__About this exercise__:
Among the entries, find the lines with the string "Repository" and report them.

__Provided material__:
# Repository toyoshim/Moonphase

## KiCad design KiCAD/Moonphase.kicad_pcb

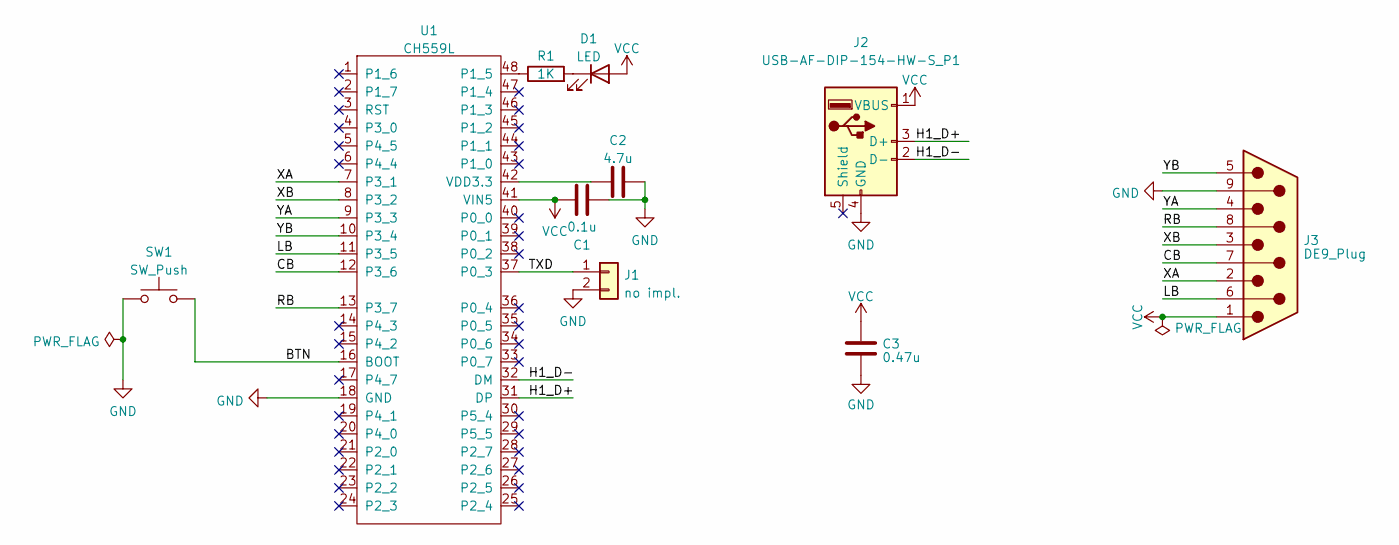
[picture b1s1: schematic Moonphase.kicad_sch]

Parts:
C1: 0.1u; C_0402_1005Metric
C2: 4.7u; C_0402_1005Metric
C3: 0.47u; C_0402_1005Metric
D1: LED; LED_0603_1608Metric_Pad1.05x0.95mm_HandSolder; LCSC C965807
J1: no impl.; PinHeader_2x01_P2.54mm_Vertical
J2: USB-AF-DIP-154-HW-S_P1; USB-A-TH_JTJ-USB-A-F-10.0-010; LCSC C42576
J3: DE9_Plug; DSUB-9P-Male-FOXCONN_DT10121; LCSC C426221
R1: 1K; R_0402_1005Metric
SW1: SW_Push; TS-1159B; LCSC C381055
U1: CH559L; LQFP-48_7x7mm_P0.5mm; LCSC C150548

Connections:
/BTN: SW1.2, U1.16 (BOOT)
/CB: J3.7, U1.12 (P3_6)
/H1_D+: J2.3 (D+), U1.31 (DP)
/H1_D-: J2.2 (D-), U1.32 (DM)
/LB: J3.6, U1.11 (P3_5)
/RB: J3.8, U1.13 (P3_7)
/TXD: J1.1, U1.37 (P0_3)
/XA: J3.2, U1.7 (P3_1)
/XB: J3.3, U1.8 (P3_2)
/YA: J3.4, U1.9 (P3_3)
/YB: J3.5, U1.10 (P3_4)
GND: C1.2, C2.2, C3.2, J1.2, J2.4 (GND), J3.9, SW1.1, U1.18 (GND)
unnamed: D1.1 (K), R1.2
unnamed: R1.1, U1.48 (P1_5)
unnamed: C2.1, U1.42 (VDD3.3)
VCC: C1.1, C3.1, D1.2 (A), J2.1 (VBUS), J3.1, U1.41 (VIN5)

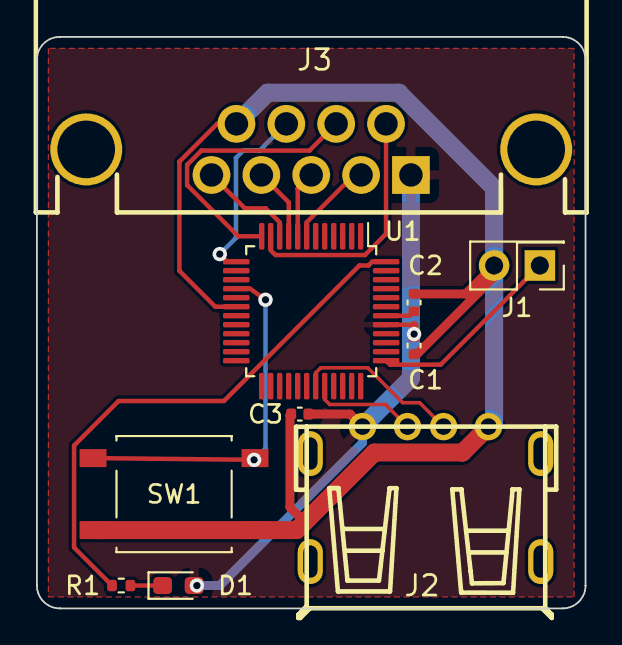
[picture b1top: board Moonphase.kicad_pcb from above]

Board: 2 copper layers, 30.5 x 31.8 mm, 10 parts (0 on the bottom side), 16 nets.

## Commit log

2024-01-26 KiCad data
2024-01-26 add chlib
2024-01-26 firmware works
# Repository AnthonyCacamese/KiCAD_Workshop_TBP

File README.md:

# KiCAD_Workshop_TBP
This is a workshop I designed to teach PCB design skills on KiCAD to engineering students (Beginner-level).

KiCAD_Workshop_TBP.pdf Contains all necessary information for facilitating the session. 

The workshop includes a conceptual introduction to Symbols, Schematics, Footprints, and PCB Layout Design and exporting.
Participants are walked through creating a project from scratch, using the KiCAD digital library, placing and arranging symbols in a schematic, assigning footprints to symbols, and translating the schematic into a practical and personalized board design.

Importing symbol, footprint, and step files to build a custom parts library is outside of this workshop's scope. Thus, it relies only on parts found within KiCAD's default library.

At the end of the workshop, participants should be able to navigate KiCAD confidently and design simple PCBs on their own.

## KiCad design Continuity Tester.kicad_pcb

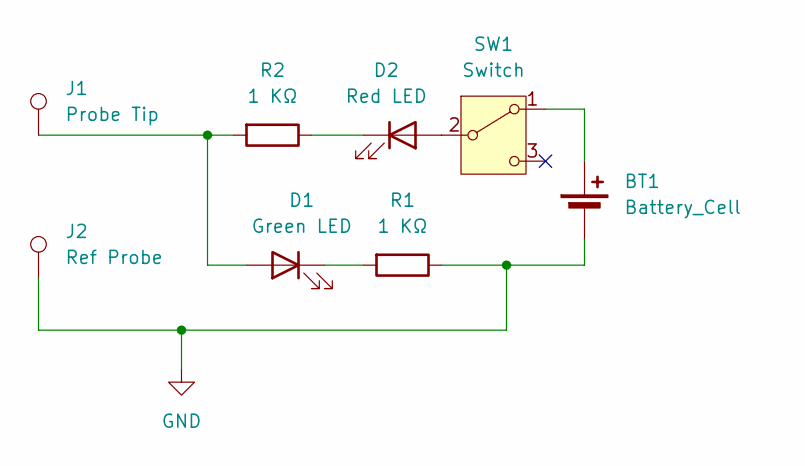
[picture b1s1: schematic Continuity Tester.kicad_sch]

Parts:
BT1: Battery_Cell; BatteryHolder_Keystone_1058_1x2032
D1: Green LED; LED_D5.0mm
D2: Red LED; LED_D5.0mm
J1: Probe Tip; TestPoint_Pad_D2.0mm
J2: Ref Probe; TestPoint_Pad_D2.0mm
R1, R2: 1 KΩ; R_Axial_DIN0207_L6.3mm_D2.5mm_P7.62mm_Horizontal
SW1: Switch; SW_Slide-03_Wuerth-WS-SLTV_10x2.5x6.4_P2.54mm

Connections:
GND: BT1.2 (-), J2.1 (1_1), R1.1
unnamed: BT1.1 (+), SW1.1 (A)
unnamed: D1.2 (A), J1.1 (1_1), R2.2
unnamed: D1.1 (K), R1.2
unnamed: D2.2 (A), SW1.2 (B)
unnamed: D2.1 (K), R2.1

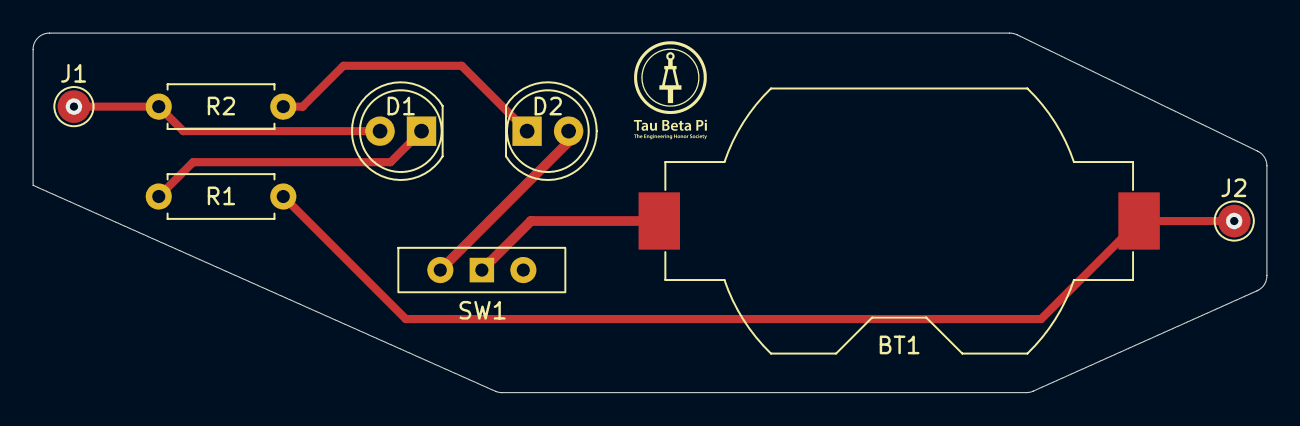
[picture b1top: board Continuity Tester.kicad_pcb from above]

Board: 2 copper layers, 75.5 x 22.0 mm, 8 parts (0 on the bottom side), 6 nets.

__Exercise response__:
# Repository toyoshim/Moonphase
# Repository AnthonyCacamese/KiCAD_Workshop_TBP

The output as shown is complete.